しかし人は知り難く、理解はさらに難しい。


例として、光武帝は聡明な聞き手であったにもかかわらず、龐萌を信じて失敗した。曹操は人を見る目があったにもかかわらず、張繡を信じて失敗した。なぜか?

似た性質が世界を惑わし、混乱させるからである。


だから言う:


- 狡猾な者は賢く見えるが、本当は賢くない(狙者類智而非智也)

- 愚者は君子に見えるが、君子ではない(愚者類君子而非君子也)

- 頑固な者は勇敢に見えるが、本当の勇敢ではない(戇者類勇而非勇也)


国を滅ぼす王は賢く見え、国を滅ぼす大臣は忠臣に見える。

雑草の種は米に見え、黒い子牛は虎に見え、白い骨は象牙に見え、粗い石は玉に見える。

これらはすべて似ているが、本物ではない。


『人物志』に言う:


- 簡単に約束するのは勇敢に見えるが、実は信用できない

- 多くのことを同時にするのは有能に見えるが、結果が出ない

- 熱心に見えるのは熟練に見えるが、すぐに終わる

- 批判するのは博識に見えるが、混乱を招く

- 善を装うのは慈悲に見えるが、続かない

- 表で従い裏で反対するのは忠誠に見えるが、実は欺瞞である


これらは似ているが本物ではない。


しかし、間違っているように見えて正しいものもある:


- 権力者は狡猾に見えるが、利益をもたらす

- 賢者は愚かに見えるが、内実は知恵に満ちる

- 万人を愛する者は軽薄に見えるが、心は深い

- 直言は攻撃的に見えるが、実は忠誠である


世界で最も深い洞察力を持つ者でなければ、これらの真実を理解できない。


孔子は言う:


「人の心は山や川より深く危険で、天より理解し難い。天には春夏秋冬、朝夕があるが、人は外見は固く見えても心は深く複雑である。」


だから、

外見は穏やかだが内実は善を積む者、

高潔に見えて徳がない者、

謙虚に見えて進む者、

堅実に見えて怠惰な者、

遅鈍に見えて内実は堅実な者。


太公は言う:


- 厳格だが徳がない者

- 温和だが盗賊である者

- 外見は謙虚だが内心は傲慢で欺く者

- 細やかだが感情がない者

- 威厳があるが成果がない者

- 決断力がありそうだが優柔不断な者

- 曖昧だが実は誠実な者

- 柔和で従順だが効率的な者

- 勇敢に見えて実は臆病な者

- ぼんやりしているが他人を操る者


不完全なものを許さず、未完のものを許さない。

世人が軽んじるものが賢人が尊ぶもの。これらは凡人には理解できない。深い知恵がなければ本質を見抜けない。


これは外見と内心が一致しない者の話である。


桓範は言う:

「賢者と愚者の違いは、植物の種類の違い(例:空心菜とホウレンソウ)と同じ。なぜ区別できない? 雑草の種が米に似ていても同じではないように、徳があるように見えても実はない。」


揚雄『法言』に言う:

「何が最も理解し難いか?」

答え:「泰山と蟻の巣、山と川ではない。偉大な賢者と狡猾な詐欺師の違いだ。似たものを区別できる者だけに、難しきはない。」


人を識る方法:


- 詳細に質問して言葉を観察する

- 追い詰めて反応を見る

- 秘密の計画を共に立てて誠実さを観察する

- 明確に質問して徳を見る

- 遠隔地で財産を預けて誠実さを試す(財産を与えて慈悲を見る、利益を与えて正直さを見る)

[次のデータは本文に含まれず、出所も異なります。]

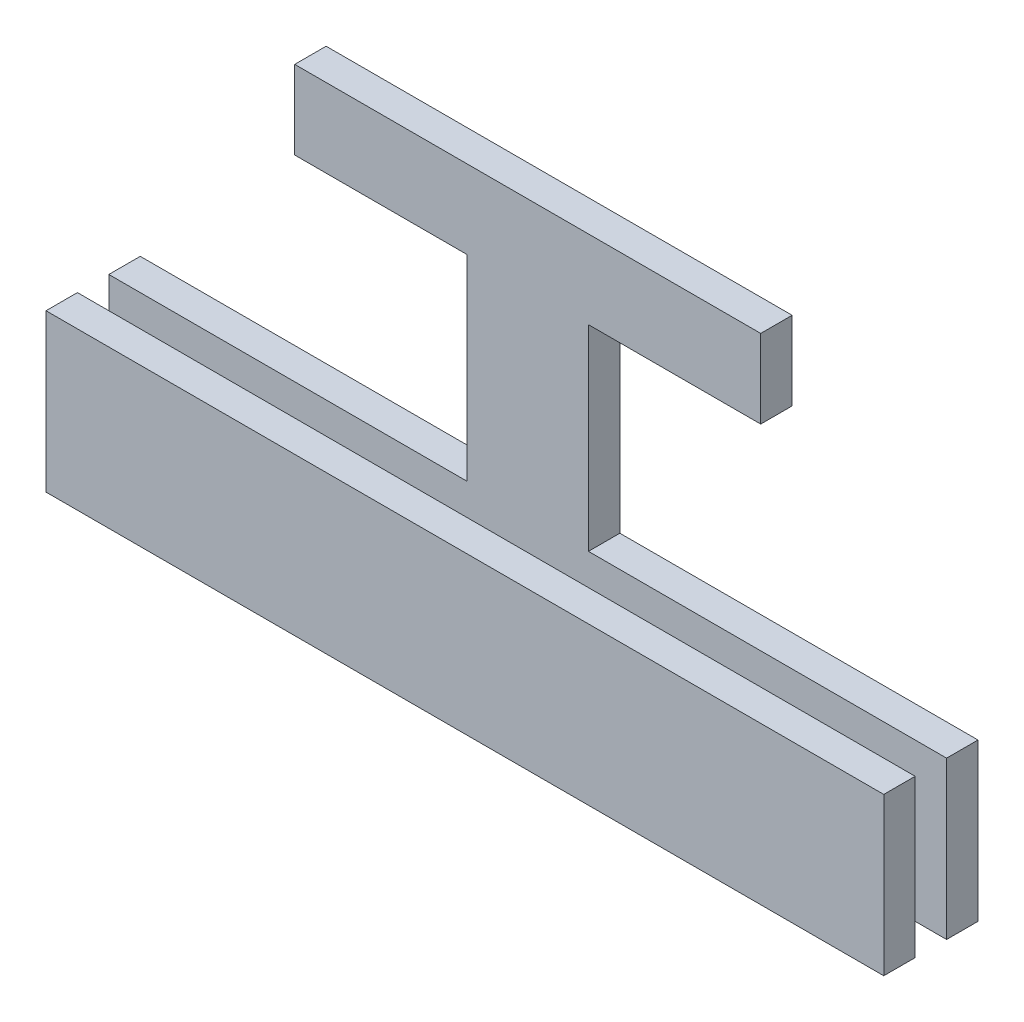
ISO-10303-21;
HEADER;
FILE_DESCRIPTION(('STEP AP214'),'2;1');
FILE_NAME('part.step','',(''),(''),'','','');
FILE_SCHEMA(('AUTOMOTIVE_DESIGN { 1 0 10303 214 1 1 1 1 }'));
ENDSEC;
DATA;
#1=APPLICATION_CONTEXT('core data for automotive mechanical design processes');
#2=APPLICATION_PROTOCOL_DEFINITION('international standard','automotive_design',2000,#1);
#3=PRODUCT_CONTEXT('',#1,'mechanical');
#4=PRODUCT('Part','Part','',(#3));
#5=PRODUCT_RELATED_PRODUCT_CATEGORY('part','',(#4));
#6=PRODUCT_DEFINITION_FORMATION('','',#4);
#7=PRODUCT_DEFINITION_CONTEXT('part definition',#1,'design');
#8=PRODUCT_DEFINITION('design','',#6,#7);
#9=PRODUCT_DEFINITION_SHAPE('','',#8);
#10=(LENGTH_UNIT() NAMED_UNIT(*) SI_UNIT(.MILLI.,.METRE.));
#11=(NAMED_UNIT(*) PLANE_ANGLE_UNIT() SI_UNIT($,.RADIAN.));
#12=(NAMED_UNIT(*) SI_UNIT($,.STERADIAN.) SOLID_ANGLE_UNIT());
#13=UNCERTAINTY_MEASURE_WITH_UNIT(LENGTH_MEASURE(1.E-05),#10,'distance_accuracy_value','');
#14=(GEOMETRIC_REPRESENTATION_CONTEXT(3) GLOBAL_UNCERTAINTY_ASSIGNED_CONTEXT((#13)) GLOBAL_UNIT_ASSIGNED_CONTEXT((#10,
#11,#12)) REPRESENTATION_CONTEXT('',''));
#15=CARTESIAN_POINT('',(0.,0.,0.));
#16=DIRECTION('',(0.,0.,1.));
#17=DIRECTION('',(1.,0.,0.));
#18=AXIS2_PLACEMENT_3D('',#15,#16,#17);
#19=CARTESIAN_POINT('',(-40.,-7.5,-6.));
#20=DIRECTION('',(1.,0.,0.));
#21=DIRECTION('',(0.,0.,-1.));
#22=AXIS2_PLACEMENT_3D('',#19,#20,#21);
#23=PLANE('',#22);
#24=DIRECTION('',(0.,1.,0.));
#25=VECTOR('',#24,1.);
#26=CARTESIAN_POINT('',(-40.,-7.5,-3.));
#27=LINE('',#26,#25);
#28=CARTESIAN_POINT('',(-40.,-7.5,-3.));
#29=VERTEX_POINT('',#28);
#30=CARTESIAN_POINT('',(-40.,7.5,-3.));
#31=VERTEX_POINT('',#30);
#32=EDGE_CURVE('E163',#29,#31,#27,.T.);
#33=ORIENTED_EDGE('',*,*,#32,.T.);
#34=DIRECTION('',(0.,0.,1.));
#35=VECTOR('',#34,1.);
#36=CARTESIAN_POINT('',(-40.,7.5,-6.));
#37=LINE('',#36,#35);
#38=CARTESIAN_POINT('',(-40.,7.5,-6.));
#39=VERTEX_POINT('',#38);
#40=EDGE_CURVE('E12',#39,#31,#37,.T.);
#41=ORIENTED_EDGE('',*,*,#40,.F.);
#42=DIRECTION('',(0.,1.,0.));
#43=VECTOR('',#42,1.);
#44=CARTESIAN_POINT('',(-40.,-7.5,-6.));
#45=LINE('',#44,#43);
#46=CARTESIAN_POINT('',(-40.,-7.5,-6.));
#47=VERTEX_POINT('',#46);
#48=EDGE_CURVE('E185',#47,#39,#45,.T.);
#49=ORIENTED_EDGE('',*,*,#48,.F.);
#50=DIRECTION('',(0.,0.,1.));
#51=VECTOR('',#50,1.);
#52=CARTESIAN_POINT('',(-40.,-7.5,-6.));
#53=LINE('',#52,#51);
#54=EDGE_CURVE('E159',#47,#29,#53,.T.);
#55=ORIENTED_EDGE('',*,*,#54,.T.);
#56=EDGE_LOOP('',(#33,#41,#49,#55));
#57=FACE_BOUND('',#56,.T.);
#58=ADVANCED_FACE('F43',(#57),#23,.F.);
#59=CARTESIAN_POINT('',(-40.,7.5,-6.));
#60=DIRECTION('',(0.,-1.,0.));
#61=DIRECTION('',(1.,0.,0.));
#62=AXIS2_PLACEMENT_3D('',#59,#60,#61);
#63=PLANE('',#62);
#64=DIRECTION('',(1.,0.,0.));
#65=VECTOR('',#64,1.);
#66=CARTESIAN_POINT('',(-40.,7.5,-3.));
#67=LINE('',#66,#65);
#68=CARTESIAN_POINT('',(-5.80000000000001,7.5,-3.));
#69=VERTEX_POINT('',#68);
#70=EDGE_CURVE('E166',#31,#69,#67,.T.);
#71=ORIENTED_EDGE('',*,*,#70,.T.);
#72=DIRECTION('',(0.,0.,1.));
#73=VECTOR('',#72,1.);
#74=CARTESIAN_POINT('',(-5.80000000000001,7.5,-6.));
#75=LINE('',#74,#73);
#76=CARTESIAN_POINT('',(-5.80000000000001,7.5,-6.));
#77=VERTEX_POINT('',#76);
#78=EDGE_CURVE('E51',#77,#69,#75,.T.);
#79=ORIENTED_EDGE('',*,*,#78,.F.);
#80=DIRECTION('',(1.,0.,0.));
#81=VECTOR('',#80,1.);
#82=CARTESIAN_POINT('',(-40.,7.5,-6.));
#83=LINE('',#82,#81);
#84=EDGE_CURVE('E114',#39,#77,#83,.T.);
#85=ORIENTED_EDGE('',*,*,#84,.F.);
#86=ORIENTED_EDGE('',*,*,#40,.T.);
#87=EDGE_LOOP('',(#71,#79,#85,#86));
#88=FACE_BOUND('',#87,.T.);
#89=ADVANCED_FACE('F263',(#88),#63,.F.);
#90=CARTESIAN_POINT('',(-5.80000000000001,26.25,-6.));
#91=DIRECTION('',(1.,0.,0.));
#92=DIRECTION('',(0.,0.,-1.));
#93=AXIS2_PLACEMENT_3D('',#90,#91,#92);
#94=PLANE('',#93);
#95=DIRECTION('',(0.,1.,0.));
#96=VECTOR('',#95,1.);
#97=CARTESIAN_POINT('',(-5.80000000000001,26.25,-3.));
#98=LINE('',#97,#96);
#99=CARTESIAN_POINT('',(-5.80000000000001,26.25,-3.));
#100=VERTEX_POINT('',#99);
#101=EDGE_CURVE('E168',#69,#100,#98,.T.);
#102=ORIENTED_EDGE('',*,*,#101,.T.);
#103=DIRECTION('',(0.,0.,1.));
#104=VECTOR('',#103,1.);
#105=CARTESIAN_POINT('',(-5.80000000000001,26.25,-6.));
#106=LINE('',#105,#104);
#107=CARTESIAN_POINT('',(-5.80000000000001,26.25,-6.));
#108=VERTEX_POINT('',#107);
#109=EDGE_CURVE('E204',#108,#100,#106,.T.);
#110=ORIENTED_EDGE('',*,*,#109,.F.);
#111=DIRECTION('',(0.,1.,0.));
#112=VECTOR('',#111,1.);
#113=CARTESIAN_POINT('',(-5.80000000000001,26.25,-6.));
#114=LINE('',#113,#112);
#115=EDGE_CURVE('E212',#77,#108,#114,.T.);
#116=ORIENTED_EDGE('',*,*,#115,.F.);
#117=ORIENTED_EDGE('',*,*,#78,.T.);
#118=EDGE_LOOP('',(#102,#110,#116,#117));
#119=FACE_BOUND('',#118,.T.);
#120=ADVANCED_FACE('F210',(#119),#94,.F.);
#121=CARTESIAN_POINT('',(-22.25,26.25,-6.));
#122=DIRECTION('',(0.,1.,0.));
#123=DIRECTION('',(0.,0.,1.));
#124=AXIS2_PLACEMENT_3D('',#121,#122,#123);
#125=PLANE('',#124);
#126=DIRECTION('',(-1.,0.,0.));
#127=VECTOR('',#126,1.);
#128=CARTESIAN_POINT('',(-22.25,26.25,-3.));
#129=LINE('',#128,#127);
#130=CARTESIAN_POINT('',(-22.25,26.25,-3.));
#131=VERTEX_POINT('',#130);
#132=EDGE_CURVE('E170',#100,#131,#129,.T.);
#133=ORIENTED_EDGE('',*,*,#132,.T.);
#134=DIRECTION('',(0.,0.,1.));
#135=VECTOR('',#134,1.);
#136=CARTESIAN_POINT('',(-22.25,26.25,-6.));
#137=LINE('',#136,#135);
#138=CARTESIAN_POINT('',(-22.25,26.25,-6.));
#139=VERTEX_POINT('',#138);
#140=EDGE_CURVE('E201',#139,#131,#137,.T.);
#141=ORIENTED_EDGE('',*,*,#140,.F.);
#142=DIRECTION('',(-1.,0.,0.));
#143=VECTOR('',#142,1.);
#144=CARTESIAN_POINT('',(-22.25,26.25,-6.));
#145=LINE('',#144,#143);
#146=EDGE_CURVE('E230',#108,#139,#145,.T.);
#147=ORIENTED_EDGE('',*,*,#146,.F.);
#148=ORIENTED_EDGE('',*,*,#109,.T.);
#149=EDGE_LOOP('',(#133,#141,#147,#148));
#150=FACE_BOUND('',#149,.T.);
#151=ADVANCED_FACE('F221',(#150),#125,.F.);
#152=CARTESIAN_POINT('',(-22.25,26.25,-6.));
#153=DIRECTION('',(1.,0.,0.));
#154=DIRECTION('',(0.,0.,-1.));
#155=AXIS2_PLACEMENT_3D('',#152,#153,#154);
#156=PLANE('',#155);
#157=DIRECTION('',(0.,1.,0.));
#158=VECTOR('',#157,1.);
#159=CARTESIAN_POINT('',(-22.25,26.25,-3.));
#160=LINE('',#159,#158);
#161=CARTESIAN_POINT('',(-22.25,33.75,-3.));
#162=VERTEX_POINT('',#161);
#163=EDGE_CURVE('E172',#131,#162,#160,.T.);
#164=ORIENTED_EDGE('',*,*,#163,.T.);
#165=DIRECTION('',(0.,0.,1.));
#166=VECTOR('',#165,1.);
#167=CARTESIAN_POINT('',(-22.25,33.75,-6.));
#168=LINE('',#167,#166);
#169=CARTESIAN_POINT('',(-22.25,33.75,-6.));
#170=VERTEX_POINT('',#169);
#171=EDGE_CURVE('E198',#170,#162,#168,.T.);
#172=ORIENTED_EDGE('',*,*,#171,.F.);
#173=DIRECTION('',(0.,1.,0.));
#174=VECTOR('',#173,1.);
#175=CARTESIAN_POINT('',(-22.25,26.25,-6.));
#176=LINE('',#175,#174);
#177=EDGE_CURVE('E227',#139,#170,#176,.T.);
#178=ORIENTED_EDGE('',*,*,#177,.F.);
#179=ORIENTED_EDGE('',*,*,#140,.T.);
#180=EDGE_LOOP('',(#164,#172,#178,#179));
#181=FACE_BOUND('',#180,.T.);
#182=ADVANCED_FACE('F225',(#181),#156,.F.);
#183=CARTESIAN_POINT('',(-22.25,33.75,-6.));
#184=DIRECTION('',(0.,-1.,0.));
#185=DIRECTION('',(1.,0.,0.));
#186=AXIS2_PLACEMENT_3D('',#183,#184,#185);
#187=PLANE('',#186);
#188=DIRECTION('',(1.,0.,0.));
#189=VECTOR('',#188,1.);
#190=CARTESIAN_POINT('',(-22.25,33.75,-3.));
#191=LINE('',#190,#189);
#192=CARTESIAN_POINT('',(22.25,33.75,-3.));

- 性的な誘惑で心の安定を見る(誘惑で欲望に溺れないかを見る)

- 困難を告げて勇気を見る(危険を告げて勇気を見る、脅して特別な資質を見る)

- 酒を飲ませて酔った時の行動を見る(酒で規則を守るか、徳を失わないかを見る)


これらは状況で内面の性格を観察する方法である。


『荘子』に言う:


- 遠隔地で仕事を任せて忠誠を見る(遠くで仕事を任せて変わらないかを見る)

- 近くで仕事を任せて敬意を見る(親しくして粗野にならないかを見る)

- 難しい仕事を任せて能力を見る(複雑な仕事を任せて理性的に処理できるかを見る)

- 予想外の質問で知恵を見る(計画で知恵を見る。太公曰く「滞りなく処理できる者は知恵がある」)

- 緊急の期限で信頼を見る(太公曰く「隠さず遅れず仕事をする者は誠実」)

- 様々な状況に置いて表情を見る(自由にさせて変わらないかを見る)


『呂氏春秋』に言う:


- 権力の座に就いたら、誰を敬うかを見る(成功・頂点に達した時)

- 高位に就いたら、誰を推挙するかを見る

- 富んだら、誰を養うかを見る(富んで傲慢でない者は慈悲がある)

- 助言を聞いたら、その行動を見る(良い行動は慈悲による)

- 親しい者を見て、好むものを見る(誰と親しいか、住む場所で誠実さと善を見る、友人で意図を見る)

- 慣れたものを見て、言葉を見る(良い者は正しいものを好み、徳に合う言葉を言う)

- 貧しくなったら、何を捨てないかを見る(貧しくても悪いことをしないか)

- 低い地位に就いたら、何をしないかを見る(貧しく低くても徳を守るか)

- 喜ばせたら、自制を見る(喜ばせて油断しないか)

- 楽しませたら、惑わないかを見る(楽しませて節約するか)

- 怒らせたら、気質を見る(怒らせて恨みを抱かないか)

- 悲しませたら、慈悲を見る(慈悲ある者は悲しいものに同情する)

- 苦しませたら、決意を見る(苦しませて平静に耐えられるか)


『経』に言う:


- 寵愛された者に仕事を任せ、傲慢にならないかを見る(太公曰く「重要視されても傲慢でない者は公正」)

- 見捨てられた者に仕事を任せ、裏切らないかを見る

- 有名な者に仕事を任せ、自慢しないかを見る

- 謙虚な者に仕事を任せ、恐れないかを見る

- 子供に仕事を任せ、敬意と学習意欲、兄弟としての役割を見る(『人物志』に「賢い子供は発展の道を持ち、慈悲・無償の与え・慎重・誠実を示す」)

- 大人に仕事を任せ、誠実さと公益のための犠牲を見る

- 老人に仕事を任せ、慎重さと範囲を超えないかを見る

- 父子間では慈悲と孝行を見る

- 兄弟間では和合と互助を見る

- 隣人間では誠実さと約束を守るかを見る

- 君臣間では忠誠と慈悲を見る(太公曰く「振り返らず働く者は忠誠」)


これらは状況で誠実さと徳を観察する方法である。


**(以下は『人物志』の現代タイ語訳部分の日本語訳)**


**傅子ふうしの言葉:**


「人を識る上で、最も難しいことは真偽を見分けることである。」


道を修める者は言葉が深く静かで、神秘を尊ぶ。

孔子を修める者は言葉が精妙で、正義と公平を重んじる。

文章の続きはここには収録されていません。